Vector graphics drawing application

MacDraw is a discontinued vector graphics drawing application released along with the first Apple Macintosh systems in 1984. MacDraw was one of the first WYSIWYG drawing programs that could be used in collaboration with MacWrite. It was eventually adapted by Claris and, in the early 1990s, MacDraw Pro was released with color support.
MacDraw was the vector-based cousin of MacPaint.

In the preface of the third edition of Introduction to Algorithms, the authors make an emphatic plea for the creation of an OS X-compatible version of MacDraw Pro.

== Early versions ==
MacDraw was based on Apple's earlier program, LisaDraw, which was developed for the Apple Lisa computer which was released in 1983. LisaDraw and MacDraw were developed by the same person, Mark Cutter.

The first version of MacDraw was similar to that of MacPaint, featuring the same tools and patterns. However, MacDraw is vector-based, meaning that an object's properties and placement can be changed at any time.
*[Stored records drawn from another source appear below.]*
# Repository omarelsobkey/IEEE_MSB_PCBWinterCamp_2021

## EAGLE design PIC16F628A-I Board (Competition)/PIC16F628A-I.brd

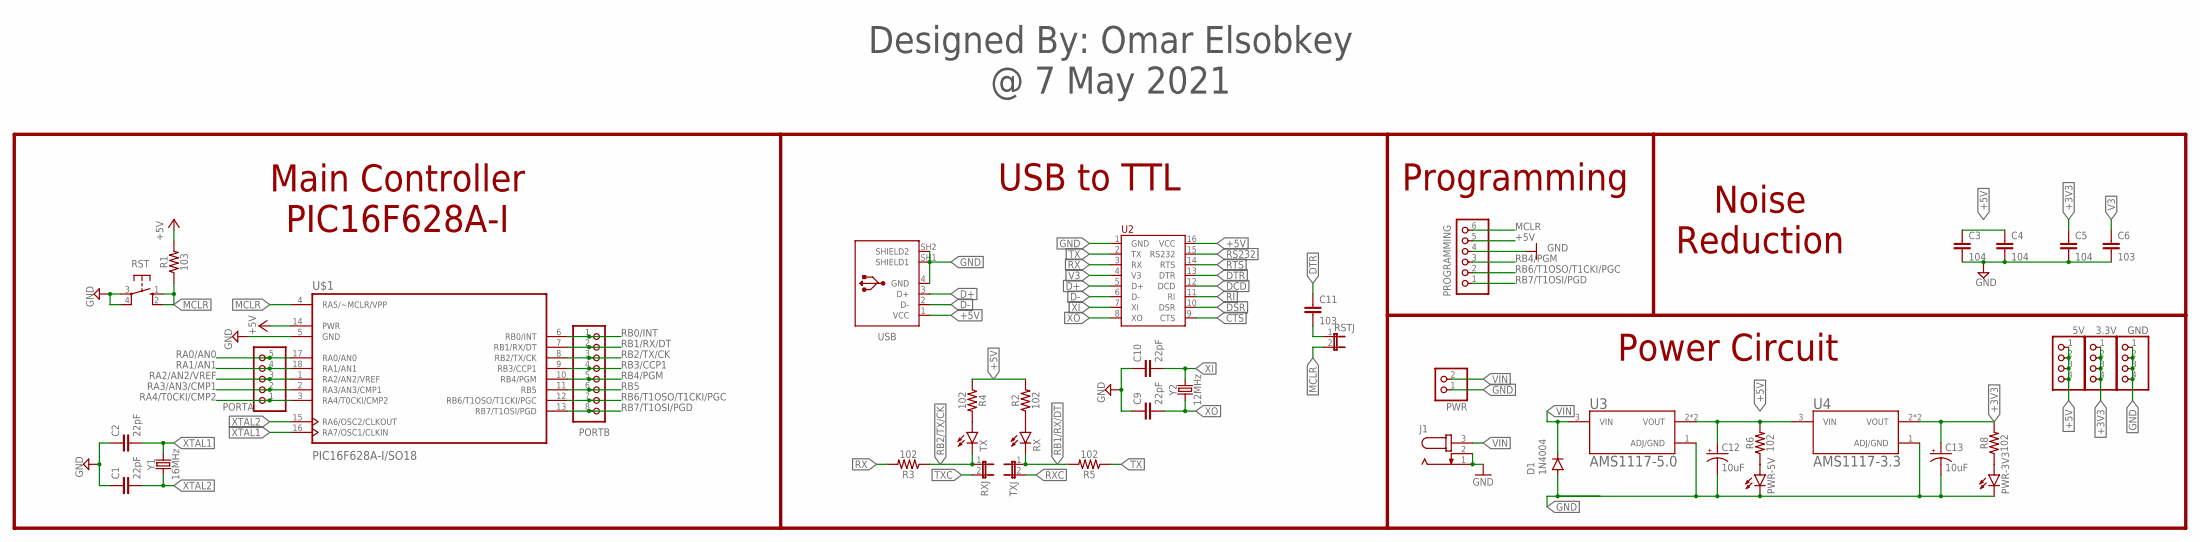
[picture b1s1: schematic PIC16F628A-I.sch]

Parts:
3.3V, 5V: PINHD-1X4; 1X04
C1, C2, C9, C10: 22pF; CAP-PTH-2.54
C3, C4, C5: 104; CAP-PTH-2.54
C6, C11: 103; CAP-PTH-2.54
C12, C13: 10uF; CPOL-RADIAL-2.5MM-5MM-KIT
D1: 1N4004; DO41-10
GND: PINHD-1X4; 1X04
J1: JACK-PLUG0; SPC4077
PORTA: PINHD-1X5; 1X05
PORTB: PINHD-1X8; 1X08
PROGRAMMING: PINHD-1X6; 1X06
PWR: PINHD-1X2; 1X02
PWR-3V3, PWR-5V: LEDCHIP-LED0805; CHIP-LED0805
R1: 103; 1206
R2, R3, R4, R5, R6, R8: 102; 1206
RST: 10-XX; B3F-10XX
RSTJ: JP1E; JP1
RX: LEDCHIP-LED0805; CHIP-LED0805
RXJ: JP1E; JP1
TX: LEDCHIP-LED0805; CHIP-LED0805
TXJ: JP1E; JP1
U2: CH340G; SOP-16
U3: AMS1117-5.0
U4: AMS1117-3.3; AMS1117-5.0
U$1: PIC16F628A-I/SO18; SOIC127P1030X265-18N
USB: 61729-1011; 61729-1011BLF
Y1: 16MHz; HC49U
Y2: 12MHz; HC49U

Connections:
+3V3: 3.3V.1, 3.3V.2, 3.3V.3, 3.3V.4, C5.1, C13.1 (+), R8.2, U4.2 (VOUT), U4.4 (VOUT)
+5V: 5V.1, 5V.2, 5V.3, 5V.4, C3.1, C4.1, C12.1 (+), PROGRAMMING.5, R1.2, R2.2, R4.1, R6.2, U2.16 (VCC), U3.2 (VOUT), U3.4 (VOUT), U4.3 (VIN), U$1.14 (PWR), USB.1 (VCC)
CTS: U2.9 (CTS)
D+: U2.5 (D+), USB.3 (D+)
D-: U2.6 (D-), USB.2 (D-)
DCD: U2.12 (DCD)
DSR: U2.10 (DSR)
DTR: C11.1, U2.13 (DTR)
GND: C1.1, C2.1, C3.2, C4.2, C5.2, C6.2, C9.1, C10.1, C12.2 (-), C13.2 (-), D1.A, GND.1, GND.2, GND.3, GND.4, J1.1, J1.2, PROGRAMMING.4, PWR.1, PWR-3V3.C, PWR-5V.C, RST.3, RST.4 (P1), U2.1 (GND), U3.1 (ADJ/GND), U4.1 (ADJ/GND), U$1.5 (GND), USB.4 (GND), USB.SH1 (SHIELD1), USB.SH2 (SHIELD2)
MCLR: PROGRAMMING.6, R1.1, RST.1 (S), RST.2 (S1), RSTJ.2, U$1.4 (RA5/~MCLR/VPP)
unnamed: R2.1, RX.A
unnamed: R4.2, TX.A
unnamed: PWR-5V.A, R6.1
unnamed: PWR-3V3.A, R8.1
unnamed: C11.2, RSTJ.1
RA0/AN0: PORTA.5, U$1.17 (RA0/AN0)
RA1/AN1: PORTA.4, U$1.18 (RA1/AN1)
RA2/AN2/VREF: PORTA.3, U$1.1 (RA2/AN2/VREF)
RA3/AN3/CMP1: PORTA.2, U$1.2 (RA3/AN3/CMP1)
RA4/T0CKI/CMP2: PORTA.1, U$1.3 (RA4/T0CKI/CMP2)
RB0/INT: PORTB.1, U$1.6 (RB0/INT)
RB1/RX/DT: PORTB.2, R5.2, RX.C, TXJ.1, U$1.7 (RB1/RX/DT)
RB2/TX/CK: PORTB.3, R3.1, RXJ.1, TX.C, U$1.8 (RB2/TX/CK)
RB3/CCP1: PORTB.4, U$1.9 (RB3/CCP1)
RB4/PGM: PORTB.5, PROGRAMMING.3, U$1.10 (RB4/PGM)
RB5: PORTB.6, U$1.11 (RB5)
RB6/T1OSO/T1CKI/PGC: PORTB.7, PROGRAMMING.2, U$1.12 (RB6/T1OSO/T1CKI/PGC)
RB7/T1OSI/PGD: PORTB.8, PROGRAMMING.1, U$1.13 (RB7/T1OSI/PGD)
RI: U2.11 (RI)
RS232: U2.15 (RS232)
RTS: U2.14 (RTS)
RX: R3.2, U2.3 (RX)
RXC: TXJ.2
TX: R5.1, U2.2 (TX)
TXC: RXJ.2
V3: C6.1, U2.4 (V3)
VIN: D1.C, J1.3, PWR.2, U3.3 (VIN)
XI: C10.2, U2.7 (XI), Y2.2
XO: C9.2, U2.8 (XO), Y2.1
XTAL1: C2.2, U$1.16 (RA7/OSC1/CLKIN), Y1.2
XTAL2: C1.2, U$1.15 (RA6/OSC2/CLKOUT), Y1.1

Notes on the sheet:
Main Controller PIC16F628A-I
USB to TTL
Programming
Noise Reduction
Power Circuit
Designed By: Omar Elsobkey @ 7 May 2021

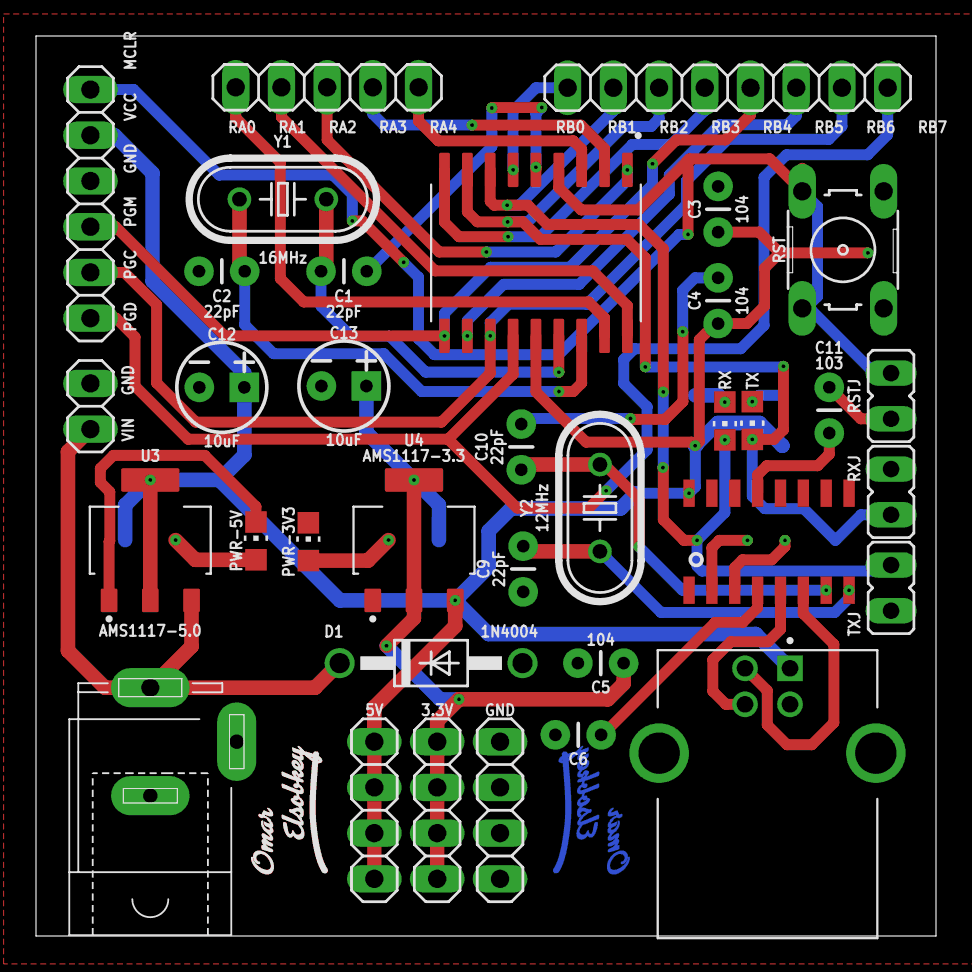
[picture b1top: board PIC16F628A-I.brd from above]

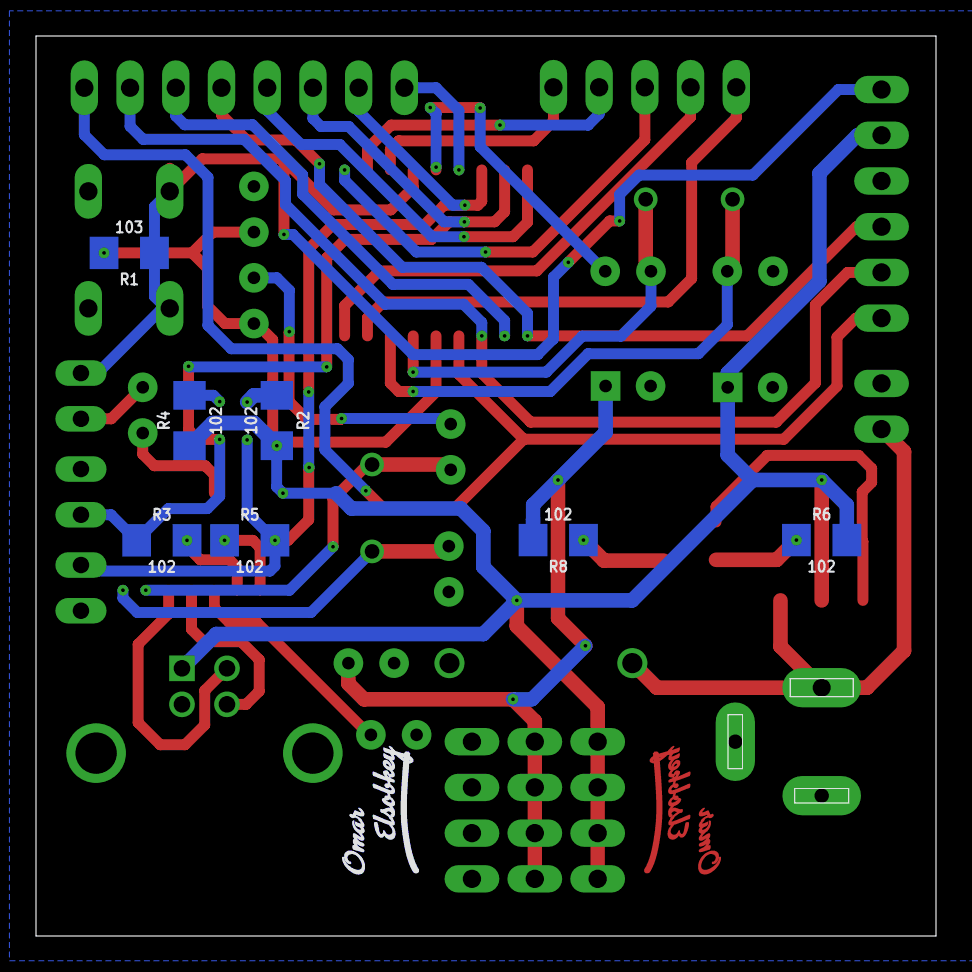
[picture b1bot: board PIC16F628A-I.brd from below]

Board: 2 copper layers, 50.0 x 50.0 mm, 46 parts (9 on the bottom side), 33 nets.

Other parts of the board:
U$2, U$3: OMAR_ELSOBKEY_X0.5_TN
U$4, U$5: OMAR_ELSOBKEY_X0.5_T

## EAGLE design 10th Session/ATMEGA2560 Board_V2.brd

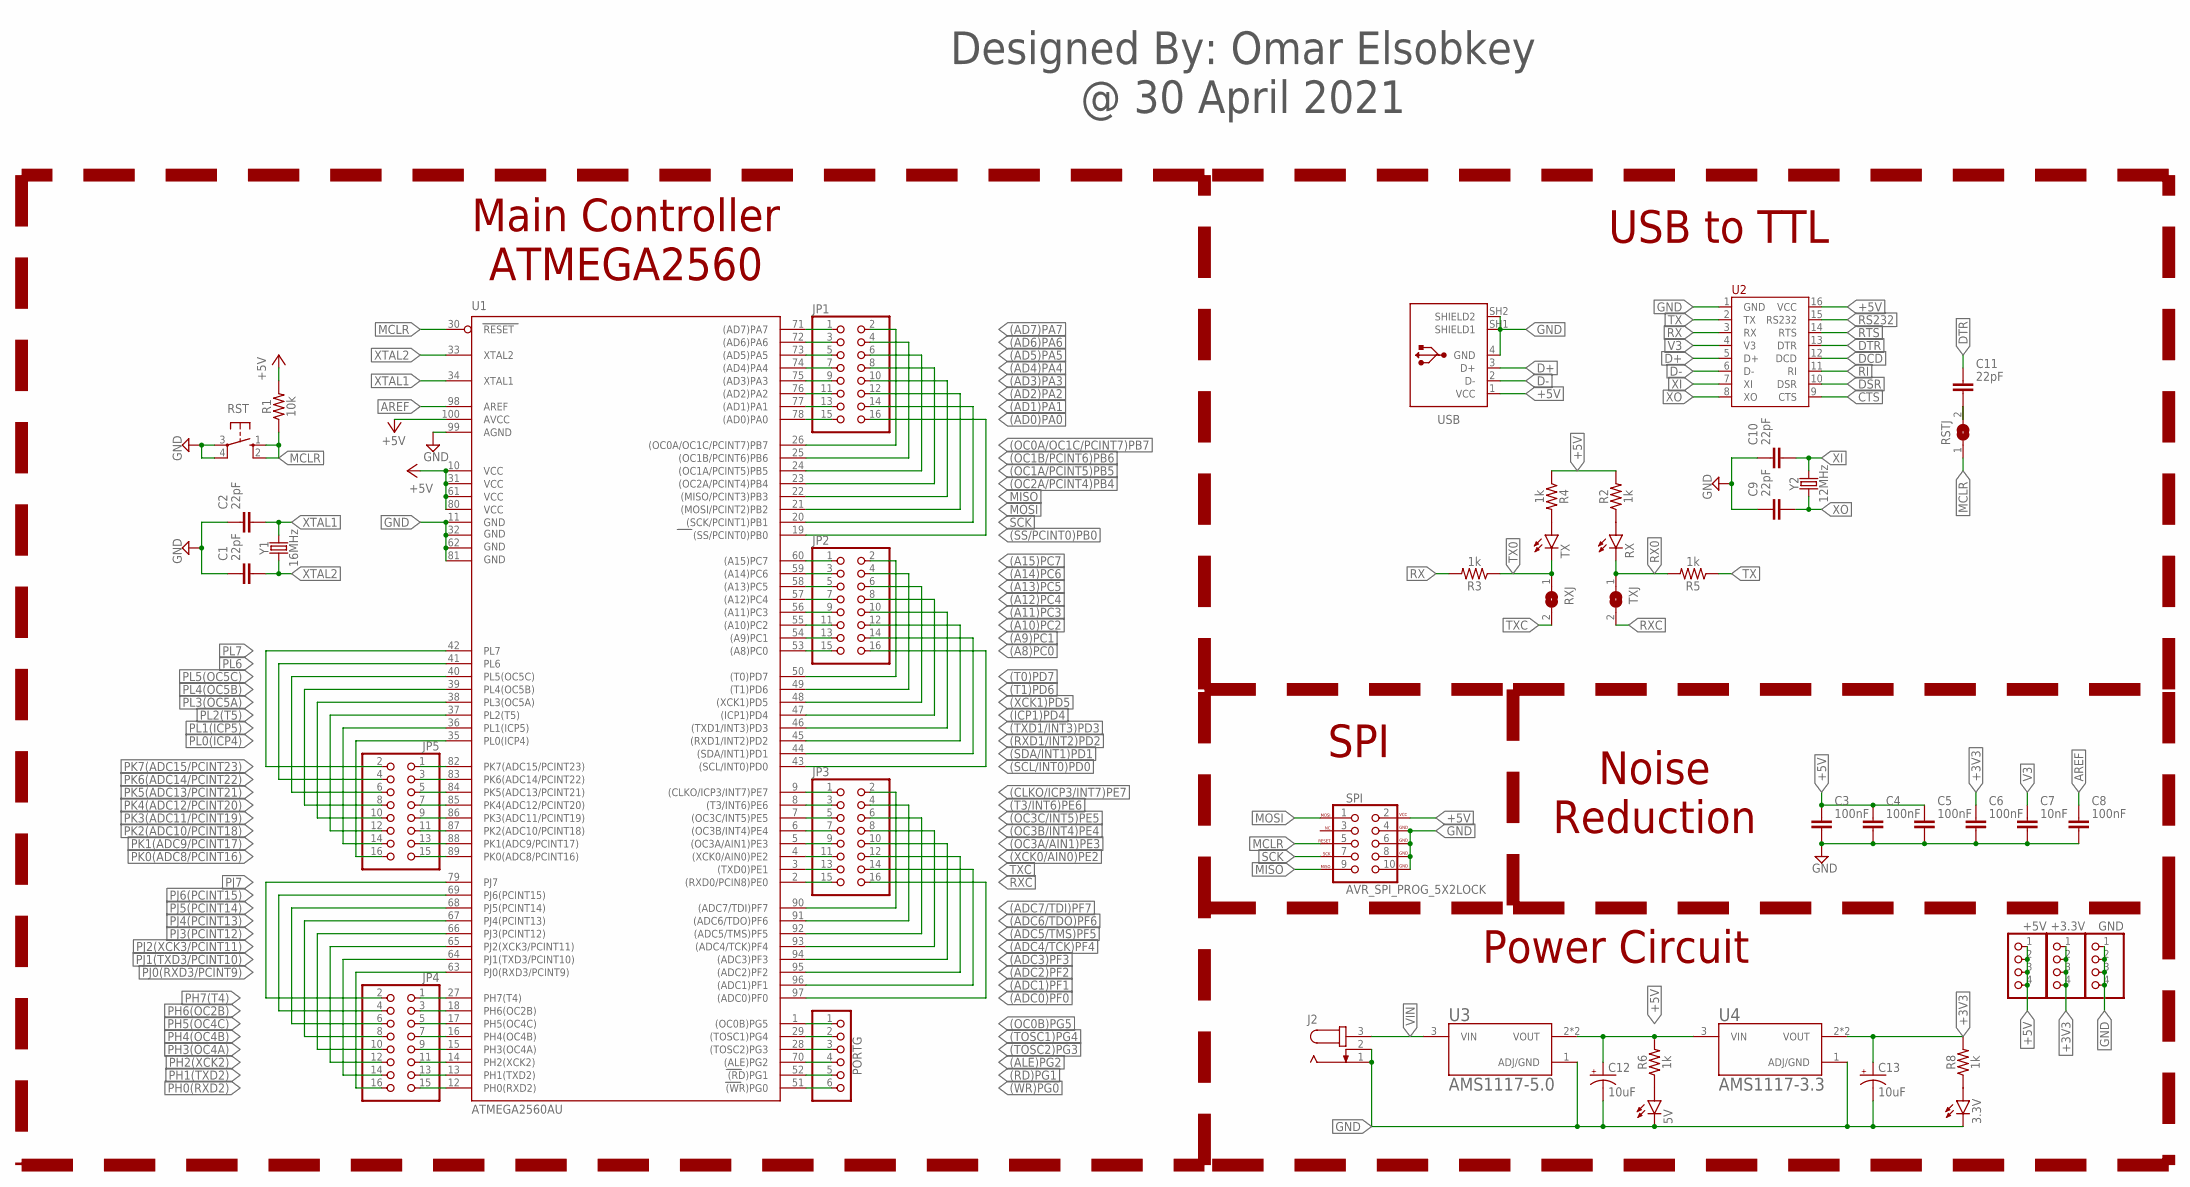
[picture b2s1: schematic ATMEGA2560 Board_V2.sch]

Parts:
3.3V, 5V: LEDCHIP-LED0805; CHIP-LED0805
+3.3V, +5V: PINHD-1X4; 1X04
C1, C2, C9, C10, C11: 22pF; CAPC2012X110
C3, C4, C5, C6, C8: 100nF; CAPC2012X110
C7: 10nF; CAPC2012X110
C12, C13: 10uF; CPOL-RADIAL-2.5MM-5MM-KIT
GND: PINHD-1X4; 1X04
J2: JACK-PLUG0; SPC4077
JP1, JP2, JP3, JP4, JP5: PINHD-2X8; 2X08
PORTG: PINHD-1X6; 1X06
R1: 10k; 1206
R2, R3, R4, R5, R6, R8: 1k; 1206
RST: 10-XX; B3F-10XX
RSTJ: SJW
RX: LEDCHIP-LED0805; CHIP-LED0805
RXJ: SJW
SPI: AVR_SPI_PROG_5X2LOCK; 2X5-SHROUDED_LOCK
TX: LEDCHIP-LED0805; CHIP-LED0805
TXJ: SJW
U1: ATMEGA2560AU; TQFP100
U2: CH340G; SOP-16
U3: AMS1117-5.0
U4: AMS1117-3.3; AMS1117-5.0
USB: 61729-1011; 61729-1011BLF
Y1: 16MHz; HC49U
Y2: 12MHz; HC49U

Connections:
(A8)PC0: JP2.15, U1.53 ((A8)PC0)
(A9)PC1: JP2.13, U1.54 ((A9)PC1)
(A10)PC2: JP2.11, U1.55 ((A10)PC2)
(A11)PC3: JP2.9, U1.56 ((A11)PC3)
(A12)PC4: JP2.7, U1.57 ((A12)PC4)
(A13)PC5: JP2.5, U1.58 ((A13)PC5)
(A14)PC6: JP2.3, U1.59 ((A14)PC6)
(A15)PC7: JP2.1, U1.60 ((A15)PC7)
(AD0)PA0: JP1.15, U1.78 ((AD0)PA0)
(AD1)PA1: JP1.13, U1.77 ((AD1)PA1)
(AD2)PA2: JP1.11, U1.76 ((AD2)PA2)
(AD3)PA3: JP1.9, U1.75 ((AD3)PA3)
(AD4)PA4: JP1.7, U1.74 ((AD4)PA4)
(AD5)PA5: JP1.5, U1.73 ((AD5)PA5)
(AD6)PA6: JP1.3, U1.72 ((AD6)PA6)
(AD7)PA7: JP1.1, U1.71 ((AD7)PA7)
(ADC0)PF0: JP3.16, U1.97 ((ADC0)PF0)
(ADC1)PF1: JP3.14, U1.96 ((ADC1)PF1)
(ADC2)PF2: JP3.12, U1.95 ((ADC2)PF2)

MacDraw includes features for printing and also integrates with MacWrite via cut-and-paste. MacDraw is more advanced than MacPaint, featuring a grid and the ability to change the drawing dimensions. However, MacDraw lacks support for using more than one document at a time and also lacks zooming capabilities. MacDraw is especially useful in drawing flowcharts, diagrams and technical drawings.

== Later incarnations ==
MacDraw II (1988) was a complete rewrite of the original MacDraw. It was developed at Apple by project leader Gerard Schutten and team members Amy Goldsmith and Marjory Kaptanoglu, and was released by Claris. MacDraw II introduced color and many other missing features and was also enhanced for the Macintosh II. MacDraw eventually evolved into MacDraw Pro (1991) and ultimately ClarisDraw (1993). The final version of ClarisDraw was 1.0v4 (1994). It runs without difficulties on PowerPC-based Macs under Classic Mac OS and the Mac OS X Classic Environment (which is included in Mac OS X 10.4 Tiger and earlier).

Dekorra Optics have a version of their EazyDraw software, EazyDraw Retro, that can open documents produced by the various incarnations of MacDraw, including ClarisDraw. Later versions of LibreOffice support MacDraw files as well, but only if the file type 'Legacy Mac Drawing' is manually selected.

==Reception==
MacUser in November 1988 rated MacDraw II 1.0v1 3.5 mice out of 5. The magazine approved of its continued "elegant simplicity" and much faster speed, but wished for a better object library, non-opaque fill modes, and .pict version 2 support. Noting that "Now $395, the price of MacDraw II has also accelerated quite a bit", the magazine concluded that "it doesn't take advantage of all the power that the Mac II has to offer, especially when it comes to color".